Pascal Van Hentenryck delivered an invited lecture on this topic at the 10th International Congress on Industrial and Applied Mathematics, which took place in Tokyo, Japan, last year.

References

[1] Amos, B., Xu, L., & Kolter, J.Z. (2017). Input convex neural networks. In Proceedings of the 34th international conference on machine learning (PMLR 70) (pp. 146-155). Sydney, Australia: Proceedings of Machine Learning Research.
[2] Bengio, Y., Lodi, A., & Prouvost, A. (2021). Machine learning for combinatorial optimization: A methodological tour d’horizon. Eur. J. Oper. Res., 290(2), 405-421.
[3] Chen, W., Tanneau, M., & Van Hentenryck, P. (2024). End-to-end feasible optimization proxies for large-scale economic dispatch. IEEE Trans. Power Syst. To appear.
[4] Donti, P.L., Rolnick, D., & Kolter, J.Z. (2021). DC3: A learning method for optimization with hard constraints.
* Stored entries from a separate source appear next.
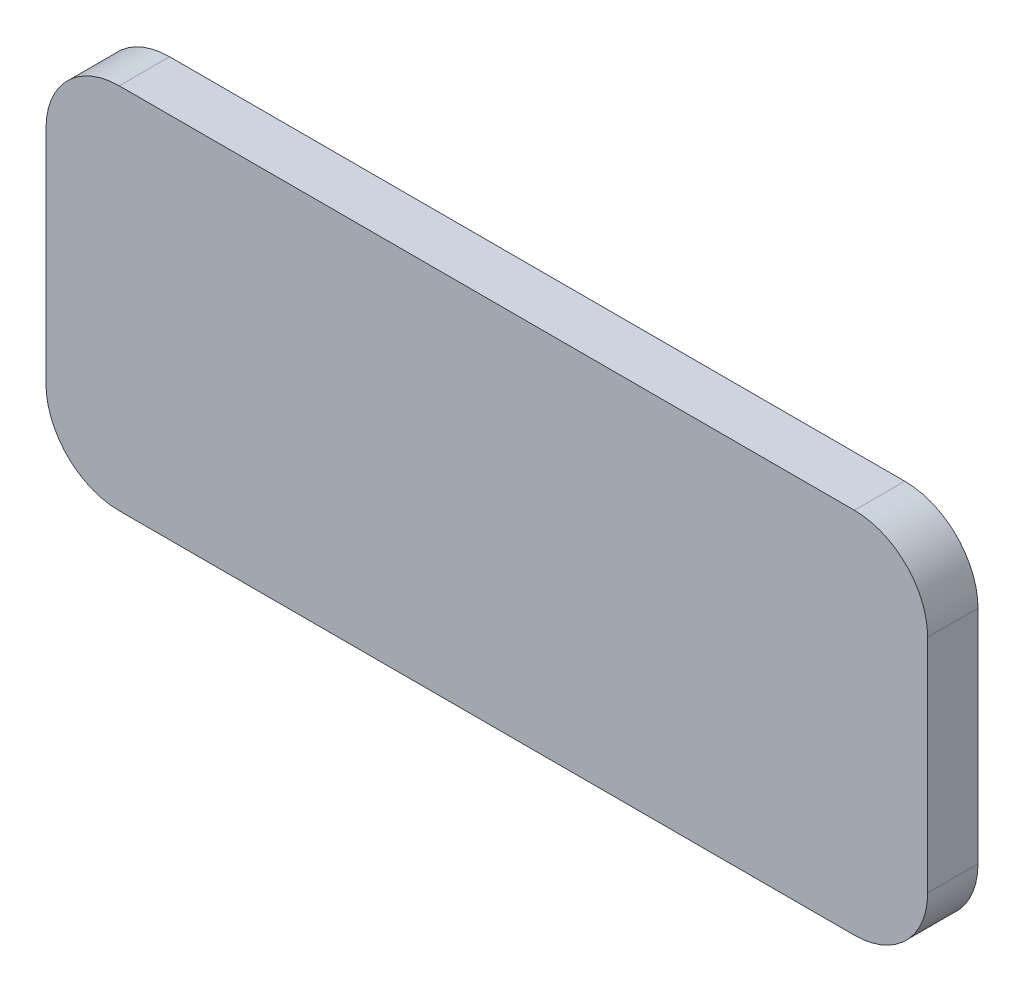
SolidWorks part; units mm, degrees
ref_plane "Front Plane" through (0, 0, 0) normal (0, 0, 1) x (1, 0, 0)
ref_plane "Top Plane" through (0, 0, 0) normal (0, 1, 0) x (1, 0, 0)
ref_plane "Right Plane" through (0, 0, 0) normal (1, 0, 0) x (0, 0, -1)
sketch "Sketch1" plane through (0, 0, 0) normal (0, 0, 1) x (1, 0, 0)
  line L1 (-43.0173, 84.2239) -> (160.9447, 84.2239)
  line L2 (-63.3373, 63.9039) -> (-63.3373, 2.4359)
  line L3 (-43.0173, -17.8841) -> (160.9447, -17.8841)
  line L4 (181.2647, 63.9039) -> (181.2647, 2.4359)
  line L5 (-27.5233, 84.2239) -> (-27.5233, -17.8841)
  line L7 (145.4507, 84.2239) -> (145.4507, -17.8841)
  arc A0 (-63.3373, 63.9039) -> (-43.0173, 84.2239) centre (-43.0173, 63.9039) cw
  arc A1 (-63.3373, 2.4359) -> (-43.0173, -17.8841) centre (-43.0173, 2.4359) ccw
  arc A2 (181.2647, 63.9039) -> (160.9447, 84.2239) centre (160.9447, 63.9039) ccw
  arc A3 (160.9447, -17.8841) -> (181.2647, 2.4359) centre (160.9447, 2.4359) ccw
  point P10 (-63.3373, 84.2239)
  point P13 (-63.3373, -17.8841)
  point P16 (181.2647, 84.2239)
  dimension "D5" = 20.32
  dimension "D6" = 20.32
  dimension "D7" = 20.32
  dimension "D8" = 20.32
  dimension "D1" = 244.602
  dimension "D2" = 102.108
  dimension "D3" = 35.814
  dimension "D4" = 35.814
extrude "Boss-Extrude1" add sketch "Sketch1" along normal blind 13.97 contours L7 L1 L5 L3 | L2 A1 L3 L5 L1 A0 | L3 A3 L4 A2 L1 L7
sketch "Sketch2" plane through (0, 0, 0) normal (0, 0, -1) x (-1, 0, 0)
  line L0 (-145.4507, 84.2239) -> (-145.4507, -17.8841)
  line L1 (43.0173, 84.2239) -> (-160.9447, 84.2239) construction
  line L2 (43.0173, -17.8841) -> (-160.9447, -17.8841) construction
  line L3 (-181.2647, 63.9039) -> (-181.2647, 2.4359) construction
  line L5 (-156.6365, 76.06) -> (-148.8243, 76.06)
  line L6 (-156.6365, 76.06) -> (-156.6365, 73.6521)
  line L7 (-156.6365, 73.6521) -> (-148.8243, 73.6521)
  line L8 (-148.8243, 76.06) -> (-148.8243, 73.6521)
  circle A0 centre (-163.4847, 58.8239) radius 7.4676
  circle A1 centre (-170.3371, 26.676) radius 3.015
  circle A2 centre (-163.2212, 32.8237) radius 3.015
  circle A3 centre (-156.7324, 26.2052) radius 3.015
  circle A4 centre (-163.7215, 19.9736) radius 3.015
  point P16 (0, 0)
  point P23 (0, 0)
  dimension "D2" = 17.78
  dimension "D1" = 35.814
  dimension "D3" = 25.4
extrude "Boss-Extrude3" add sketch "Sketch2" along normal blind 3.048 contours A3 | A2 | A4 | A1 | A0 | L6 L7 L8 L5
sketch "Sketch3" plane through (0, 0, 0) normal (0, 0, -1) x (-1, 0, 0)
  line L0 (27.7773, 84.2239) -> (27.7773, -17.8841)
  line L1 (43.0173, 84.2239) -> (-160.9447, 84.2239) construction
  line L2 (43.0173, -17.8841) -> (-160.9447, -17.8841) construction
  line L3 (63.3373, 63.9039) -> (63.3373, 2.4359) construction
  line L4 (35.9334, 76.3914) -> (35.9334, 78.9314)
  line L6 (33.5703, 76.3914) -> (33.5703, 73.9836)
  line L8 (41.1903, 76.3914) -> (41.1903, 73.9836)
  line L9 (35.9334, 78.9314) -> (38.4734, 78.9314)
  line L10 (38.4734, 76.3914) -> (38.4734, 78.9314)
  line L11 (38.4734, 73.9836) -> (38.4734, 71.4436)
  line L12 (38.4734, 71.4436) -> (35.9334, 71.4436)
  line L13 (35.9334, 71.4436) -> (35.9334, 73.9836)
  line L14 (41.1903, 73.9836) -> (38.4734, 73.9836)
  line L15 (33.5703, 73.9836) -> (35.9334, 73.9836)
  line L16 (33.5703, 76.3914) -> (35.9334, 76.3914)
  line L17 (38.4734, 76.3914) -> (41.1903, 76.3914)
  circle A0 centre (45.4875, 28.5164) radius 7.4676
  circle A1 centre (38.3418, 59.8184) radius 3.015
  circle A2 centre (45.4577, 65.9661) radius 3.015
  circle A3 centre (51.9466, 59.3476) radius 3.015
  circle A4 centre (44.9575, 53.1161) radius 3.015
  dimension "D1" = 35.56
extrude "Boss-Extrude5" add sketch "Sketch3" along normal blind 3.048 contours A0 | A4 | A1 | A2 | A3 | L17 L10 L9 L4 L16 L6 L15 L13 L12 L11 L14 L8

In The ninth international conference on learning representations (ICLR 2021).
[5] Ma, X., Song, H., Hong, M., Wan, J., Chen, Y., & Zak, E. (2009). The security-constrained commitment and dispatch for Midwest ISO day-ahead co-optimized energy and ancillary service market. In 2009 IEEE power and energy society general meeting (pp. 1-8). Calgary, Canada: Institute of Electrical and Electronics Engineers.
[6] Midcontinent Independent System Operator. (2022). Attachment D – Real-time energy and operating reserve market software formulations and business logic. In Business practices manual: Energy and operating reserve markets. Carmel, IN: Midcontinent Independent System Operator.
[7] Park, S., & Van Hentenryck, P. (2023). Self-supervised learning for large-scale preventive security constrained DC optimal power flow. Preprint, arXiv:2311.18072.
[8] Park, S., & Van Hentenryck, P. (2023). Self-supervised primal-dual learning for constrained optimization. In Proceedings of the 37th AAAI conference on artificial intelligence (pp. 4052-4060). Washington, D.C.: Association for the Advancement of Artificial Intelligence.
[9] Qiu, G., Tanneau, M., & Van Hentenryck, P. (2024). Dual conic proxies for AC optimal power flow. In Proceedings of the 23rd power systems computation conference (PSCC2024). Paris, France.
[10] Rosemberg, A., Tanneau, M., Fanzeres, B., Garcia, J., & Van Hentenryck, P. (2023). Learning optimal power flow value functions with input-convex neural networks. Preprint, arXiv:2310.04605.
[11] Wright, S.J., & Recht, B. (2022). Optimization for data analysis. Cambridge, U.K.: Cambridge University Press.